> Required action
Set down exactly the lines in the records below that run from the line with "doc.units = ezdxf.units.MM" to the line with "blk.add_circle((0, 0), 0.5, dxfattribs=at)", inclusive, and nothing more.

Provided information section start

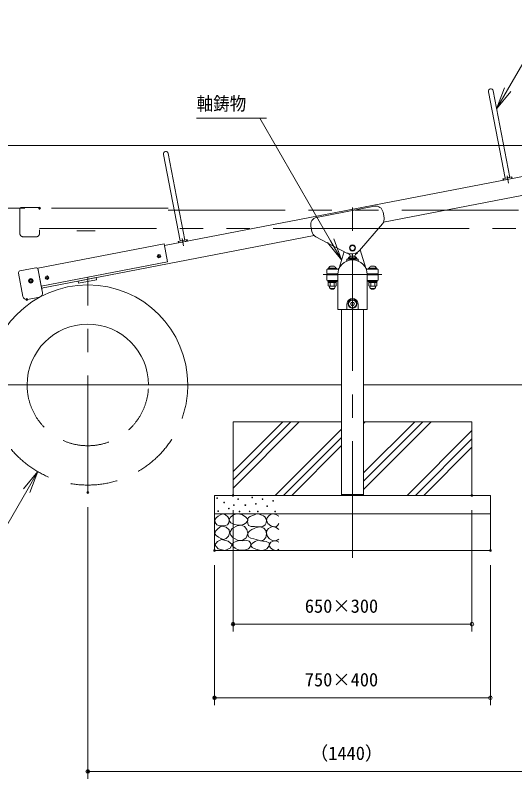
# Model space of a CAD drawing. Units: millimetres at full size, sheet at 1:10; details may follow other scales. Extents: x 5 to 8405, y -9 to 5949.
# Drawn here: x 1330 to 2688, y 1109 to 3184 of the extents above; entities that cross this region are included whole.
import ezdxf
from ezdxf.enums import TextEntityAlignment as Align

# ---------------------------------------------------------------- set-up
doc = ezdxf.new("R2010")
doc.units = ezdxf.units.MM
doc.header["$LTSCALE"] = 10
doc.header["$PDMODE"] = 32
doc.header["$PDSIZE"] = 5
for name, pattern in [('USER1', [19.05, 12.7, -6.35]), ('USER2', [50.8, 31.75, -6.35, 6.35, -6.35]), ('USER3', [63.5, 31.75, -6.35, 6.35, -6.35, 6.35, -6.35])]:
    doc.linetypes.add(name, pattern=pattern)
doc.layers.add('LY_5', color=7, linetype='Continuous', lineweight=0)
doc.layers.add('LY_6', color=7, linetype='Continuous', lineweight=0)
doc.styles.add('ＭＳ ゴシック', font='')
doc.styles.get('ＭＳ ゴシック').set_extended_font_data('MS Gothic')

# ---------------------------------------------------------------- blocks, each defined once
blk = doc.blocks.new('-016-_DOTBLANK')
at = {"color": 7, "linetype": 'Continuous', "lineweight": 0}
blk.add_line((-0.5, 0), (-1, 0), dxfattribs=at)
blk.add_circle((0, 0), 0.5, dxfattribs=at)
blk = doc.blocks.new('-003-_U3')
at = {"color": 7, "linetype": 'Continuous', "lineweight": 0}
for p, q in [((-1, 0.1667), (0, 0)), ((0, 0), (-1, 0)), ((-1, -0.1667), (0, 0))]:
    blk.add_line(p, q, dxfattribs=at)

msp = doc.modelspace()

# ---------------------------------------------------------------- linework, layer by layer
at = {"layer": 'LY_5'}
for p, q in [((2616.81, 2976.1), (2662.14, 2740.93)), ((2629.57, 2978.56), (2674.9, 2743.39)), ((1733.08, 2805.76), (1778.4, 2570.59)), ((1745.84, 2808.22), (1791.17, 2573.05)), ((2331.49, 2621.69), (3072.59, 2764.54)), ((1735.56, 2557.75), (2719.45, 2747.39)), ((2656.25, 2739.79), (2680.79, 2744.52)), ((2656.25, 2739.79), (2657.1, 2735.37)), ((2657.1, 2735.37), (2681.65, 2740.1)), ((2657.72, 2740.07), (2658.57, 2735.66)), ((2662.14, 2740.93), (2674.9, 2743.39)), ((2679.32, 2744.24), (2680.17, 2739.82)), ((2680.79, 2744.52), (2681.65, 2740.1)), ((2149.52, 2634.48), (2306.63, 2664.76)), ((2332.96, 2633.83), (2330.05, 2648.91)), ((2328.51, 2617.04), (2266.17, 2544.28)), ((2136.57, 2595.98), (2133.67, 2611.06)), ((1401.35, 2442.41), (2142.45, 2585.25)), ((1772.51, 2569.45), (1797.06, 2574.18)), ((1778.4, 2570.59), (1791.17, 2573.05)), ((1795.59, 2573.9), (1796.44, 2569.48)), ((1797.06, 2574.18), (1797.91, 2569.76)), ((2146.95, 2582.04), (2231.87, 2537.66)), ((1734.61, 2562.65), (1390.94, 2496.41)), ((1744.08, 2513.56), (1734.61, 2562.65)), ((1772.51, 2569.45), (1773.36, 2565.03)), ((1773.36, 2565.03), (1797.91, 2569.76)), ((1773.99, 2569.73), (1774.84, 2565.32)), ((2210.58, 2496.97), (2224.2, 2541.67)), ((2244.91, 2535.75), (2254.76, 2537.65)), ((2283.42, 2496.97), (2268.26, 2546.72)), ((1400.4, 2447.32), (1744.08, 2513.56)), ((2232, 2517.26), (2232, 2520.22)), ((2261, 2521.22), (2233, 2521.22)), ((2235, 2521.22), (2235, 2523.72)), ((2235, 2523.72), (2259, 2523.72)), ((2235, 2521.22), (2259, 2521.22)), ((2236.5, 2524.72), (2257.5, 2524.72)), ((2236.5, 2524.72), (2236.5, 2523.72)), ((2236.5, 2523.72), (2257.5, 2523.72)), ((2242, 2529.52), (2252, 2529.52)), ((2257.5, 2524.72), (2257.5, 2523.72)), ((2259, 2523.72), (2259, 2521.22)), ((2262, 2517.26), (2262, 2520.22)), ((1342.45, 2489.1), (1385.65, 2497.43)), ((1390.94, 2496.41), (1400.4, 2447.32)), ((1391.7, 2492.48), (1391.51, 2493.47)), ((1402.11, 2438.48), (1391.7, 2492.48)), ((2177, 2483.43), (2177, 2491.43)), ((2179, 2493.43), (2209.69, 2493.43)), ((2180, 2493.43), (2180, 2495.93)), ((2180, 2495.93), (2204, 2495.93)), ((2180, 2493.43), (2204, 2493.43)), ((2181.5, 2496.93), (2202.5, 2496.93)), ((2181.5, 2496.93), (2181.5, 2495.93)), ((2181.5, 2495.93), (2202.5, 2495.93)), ((2187, 2501.73), (2197, 2501.73)), ((2202.5, 2496.93), (2202.5, 2495.93)), ((2204, 2495.93), (2204, 2493.43)), ((2315, 2493.43), (2284.31, 2493.43)), ((2290, 2493.43), (2290, 2495.93)), ((2290, 2495.93), (2314, 2495.93)), ((2290, 2493.43), (2314, 2493.43)), ((2291.5, 2496.93), (2312.5, 2496.93)), ((2291.5, 2496.93), (2291.5, 2495.93)), ((2291.5, 2495.93), (2312.5, 2495.93)), ((2297, 2501.73), (2307, 2501.73)), ((2312.5, 2496.93), (2312.5, 2495.93)), ((2314, 2495.93), (2314, 2493.43)), ((2317, 2483.43), (2317, 2491.43)), ((1338.48, 2483.25), (1350.69, 2419.91)), ((1549.62, 2470.98), (1500.52, 2461.52)), ((1550.76, 2465.09), (1549.62, 2470.98)), ((2177, 2465.18), (2177, 2476.18)), ((2207.05, 2481.43), (2179, 2481.43)), ((2207.02, 2478.18), (2179, 2478.18)), ((2186, 2481.43), (2186, 2478.18)), ((2198, 2481.43), (2198, 2478.18)), ((2207, 2385.68), (2207, 2479.18)), ((2315, 2481.43), (2286.95, 2481.43)), ((2315, 2478.18), (2286.98, 2478.18)), ((2287, 2385.68), (2287, 2479.18)), ((2296, 2481.43), (2296, 2478.18)), ((2308, 2481.43), (2308, 2478.18)), ((2317, 2465.18), (2317, 2476.18)), ((1500.52, 2461.52), (1501.66, 2455.63)), ((1501.66, 2455.63), (1550.76, 2465.09)), ((2207, 2463.18), (2179, 2463.18)), ((2180, 2460.68), (2180, 2463.18)), ((2180, 2463.18), (2204, 2463.18)), ((2180, 2460.68), (2204, 2460.68)), ((2181.03, 2457.68), (2181.03, 2448.82)), ((2181.03, 2457.68), (2202.97, 2457.68)), ((2181.03, 2448.82), (2183, 2447.68)), ((2181.25, 2460.68), (2181.25, 2457.68)), ((2181.25, 2460.68), (2202.75, 2460.68)), ((2181.25, 2457.68), (2202.75, 2457.68)), ((2186.52, 2457.68), (2186.52, 2448.82)), ((2191.83, 2457.68), (2191.03, 2460.68)), ((2192.97, 2457.68), (2192.17, 2460.68)), ((2197.48, 2457.68), (2197.48, 2448.82)), ((2202.97, 2448.82), (2201, 2447.68)), ((2202.75, 2460.68), (2202.75, 2457.68)), ((2202.97, 2457.68), (2202.97, 2448.82)), ((2204, 2463.18), (2204, 2460.68)), ((2315, 2463.18), (2287, 2463.18)), ((2290, 2460.68), (2290, 2463.18)), ((2290, 2463.18), (2314, 2463.18)), ((2290, 2460.68), (2314, 2460.68)), ((2290.99, 2457.68), (2290.99, 2448.82)), ((2290.99, 2457.68), (2312.93, 2457.68)), ((2290.99, 2448.82), (2292.96, 2447.68)), ((2291.25, 2460.68), (2291.25, 2457.68)), ((2291.25, 2460.68), (2312.75, 2460.68)), ((2291.25, 2457.68), (2312.75, 2457.68)), ((2296.48, 2457.68), (2296.48, 2448.82)), ((2301.83, 2457.68), (2301.03, 2460.68)), ((2302.97, 2457.68), (2302.17, 2460.68)), ((2307.45, 2457.68), (2307.45, 2448.82)), ((2312.93, 2448.82), (2310.96, 2447.68)), ((2312.75, 2460.68), (2312.75, 2457.68)), ((2312.93, 2457.68), (2312.93, 2448.82)), ((2314, 2463.18), (2314, 2460.68)), ((1402.33, 2442.59), (1401.35, 2442.41)), ((1401.92, 2439.46), (1402.9, 2439.65)), ((1403.72, 2430.13), (1402.11, 2438.48)), ((1402.9, 2439.65), (1402.33, 2442.59)), ((2183, 2447.68), (2201, 2447.68)), ((2184, 2447.18), (2184, 2447.68)), ((2196, 2440.93), (2188, 2440.93)), ((2200, 2447.18), (2200, 2447.68)), ((2292.96, 2447.68), (2310.96, 2447.68)), ((2293.96, 2447.18), (2293.96, 2447.68)), ((2306, 2440.93), (2298, 2440.93)), ((2309.96, 2447.18), (2309.96, 2447.68)), ((1362.99, 2411.59), (1395.39, 2417.83)), ((2232, 2384.18), (2232, 2399.18)), ((2244.69, 2403.43), (2242.38, 2399.43)), ((2242.38, 2399.43), (2244.69, 2395.43)), ((2249.31, 2403.43), (2244.69, 2403.43)), ((2244.69, 2395.43), (2249.31, 2395.43)), ((2251.62, 2399.43), (2249.31, 2403.43)), ((2249.31, 2395.43), (2251.62, 2399.43)), ((2262, 2384.18), (2262, 2399.18)), ((2208.5, 2384.18), (2285.5, 2384.18)), ((2216.75, 1879.18), (2216.75, 2384.18)), ((2277.25, 1879.18), (2277.25, 2384.18)), ((1155, 2179.18), (2216.75, 2179.18)), ((2277.25, 2179.18), (3464, 2179.18)), ((2216.75, 2079.18), (1922, 2079.18)), ((1922, 2079.18), (1922, 1879.18)), ((1922, 1899.2), (2101.98, 2079.18)), ((1922, 1921.65), (2079.53, 2079.18)), ((1922, 1944.1), (2057.08, 2079.18)), ((1922, 2078.8), (1922.37, 2079.18)), ((2572, 2079.18), (2277.25, 2079.18)), ((2277.25, 1895.24), (2461.19, 2079.18)), ((2277.25, 1917.69), (2438.74, 2079.18)), ((2277.25, 1940.14), (2416.29, 2079.18)), ((2277.25, 2074.84), (2281.58, 2079.18)), ((2572, 2079.18), (2572, 1879.18)), ((2036.68, 1879.18), (2216.75, 2059.25)), ((2395.89, 1879.18), (2572, 2055.29)), ((2059.13, 1879.18), (2216.75, 2036.8)), ((2081.58, 1879.18), (2216.75, 2014.34)), ((2418.34, 1879.18), (2572, 2032.83)), ((2440.8, 1879.18), (2572, 2010.38)), ((2622, 1879.18), (1872, 1879.18)), ((1872, 1879.18), (1872, 1729.18)), ((2216.29, 1879.18), (2216.75, 1879.64)), ((2216.75, 1881.18), (2277.25, 1881.18)), ((2216.75, 1879.18), (2277.25, 1879.18)), ((2622, 1879.18), (2622, 1729.18)), ((2622, 1829.18), (1872, 1829.18)), ((1887.99, 1826.04), (1881.77, 1822.56)), ((1894.45, 1828.58), (1887.99, 1826.04)), ((1901.91, 1826.12), (1894.45, 1828.58)), ((1908.07, 1821.29), (1901.91, 1826.12)), ((1923.33, 1825.97), (1915.36, 1820.18)), ((1928.97, 1828.06), (1923.33, 1825.97)), ((1933.87, 1828.67), (1928.97, 1828.06)), ((1945.64, 1827.04), (1933.87, 1828.67)), ((1956.31, 1820.83), (1945.64, 1827.04)), ((1980.43, 1826.65), (1974.95, 1824.4)), ((1985.69, 1828.88), (1980.43, 1826.65)), ((1993.01, 1827.84), (1985.69, 1828.88)), ((2000.19, 1825.66), (1993.01, 1827.84)), ((2024.27, 1827.13), (2019.12, 1823.43)), ((2029.89, 1828.82), (2024.27, 1827.13)), ((2038.57, 1827.33), (2029.89, 1828.82)), ((2047, 1822.48), (2038.57, 1827.33)), ((1875.92, 1818.52), (1872.27, 1813.06)), ((1872.27, 1813.06), (1873.28, 1805.47)), ((1873.28, 1805.47), (1878.29, 1799.11)), ((1881.77, 1822.56), (1875.92, 1818.52)), ((1911.03, 1816.36), (1908.07, 1821.29)), ((1910.56, 1804.72), (1911.88, 1811.15)), ((1911.88, 1811.15), (1911.03, 1816.36)), ((1915.36, 1820.18), (1911.71, 1813.27)), ((1911.71, 1813.27), (1912.58, 1809.3)), ((1912.58, 1809.3), (1916.3, 1804.89)), ((1961.01, 1815.49), (1956.31, 1820.83)), ((1958.23, 1804.64), (1961.98, 1810.83)), ((1961.98, 1810.83), (1961.01, 1815.49)), ((1962.14, 1814.64), (1961.71, 1809.01)), ((1961.71, 1809.01), (1962, 1802.88)), ((1964.03, 1819.03), (1962.14, 1814.64)), ((1968.8, 1822.18), (1964.03, 1819.03)), ((1974.95, 1824.4), (1968.8, 1822.18)), ((2004.84, 1823.67), (2000.19, 1825.66)), ((2008.25, 1821.18), (2004.84, 1823.67)), ((2011.31, 1816.69), (2008.25, 1821.18)), ((2012.9, 1810.98), (2011.31, 1816.69)), ((2012.56, 1804.47), (2012.9, 1810.98)), ((2014.65, 1818.12), (2012.78, 1811.39)), ((2012.78, 1811.39), (2016.45, 1802.62)), ((2019.12, 1823.43), (2014.65, 1818.12)), ((1881.14, 1788.66), (1874.69, 1781.84)), ((1878.29, 1799.11), (1885.15, 1796.52)), ((1886.58, 1792.84), (1881.14, 1788.66)), ((1885.15, 1796.52), (1892.86, 1796.26)), ((1891.91, 1795.63), (1886.58, 1792.84)), ((1903.08, 1792.42), (1891.91, 1795.63)), ((1892.86, 1796.26), (1900.48, 1796.87)), ((1900.48, 1796.87), (1906.81, 1799.43)), ((1911.24, 1785.17), (1903.08, 1792.42)), ((1906.81, 1799.43), (1910.56, 1804.72)), ((1912.76, 1776.66), (1911.24, 1785.17)), ((1919.31, 1788.72), (1913.33, 1777.86)), ((1916.3, 1804.89), (1925.79, 1800.11)), ((1933.06, 1796.78), (1919.31, 1788.72)), ((1925.79, 1800.11), (1935.76, 1798.67)), ((1944.24, 1798.05), (1933.06, 1796.78)), ((1935.76, 1798.67), (1943.12, 1798.5)), ((1943.12, 1798.5), (1950.63, 1800.02)), ((1953.06, 1794.62), (1944.24, 1798.05)), ((1950.63, 1800.02), (1958.23, 1804.64)), ((1959.97, 1786.47), (1953.06, 1794.62)), ((1962.25, 1775.69), (1959.97, 1786.47)), ((1962, 1802.88), (1964.39, 1797.73)), ((1964.39, 1797.73), (1971.76, 1794.86)), ((1973.61, 1786.32), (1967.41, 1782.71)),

Provided information section end

> Output of the task
doc.units = ezdxf.units.MM
doc.header["$LTSCALE"] = 10
doc.header["$PDMODE"] = 32
doc.header["$PDSIZE"] = 5
for name, pattern in [('USER1', [19.05, 12.7, -6.35]), ('USER2', [50.8, 31.75, -6.35, 6.35, -6.35]), ('USER3', [63.5, 31.75, -6.35, 6.35, -6.35, 6.35, -6.35])]:
    doc.linetypes.add(name, pattern=pattern)
doc.layers.add('LY_5', color=7, linetype='Continuous', lineweight=0)
doc.layers.add('LY_6', color=7, linetype='Continuous', lineweight=0)
doc.styles.add('ＭＳ ゴシック', font='')
doc.styles.get('ＭＳ ゴシック').set_extended_font_data('MS Gothic')

# ---------------------------------------------------------------- blocks, each defined once
blk = doc.blocks.new('-016-_DOTBLANK')
at = {"color": 7, "linetype": 'Continuous', "lineweight": 0}
blk.add_line((-0.5, 0), (-1, 0), dxfattribs=at)
blk.add_circle((0, 0), 0.5, dxfattribs=at)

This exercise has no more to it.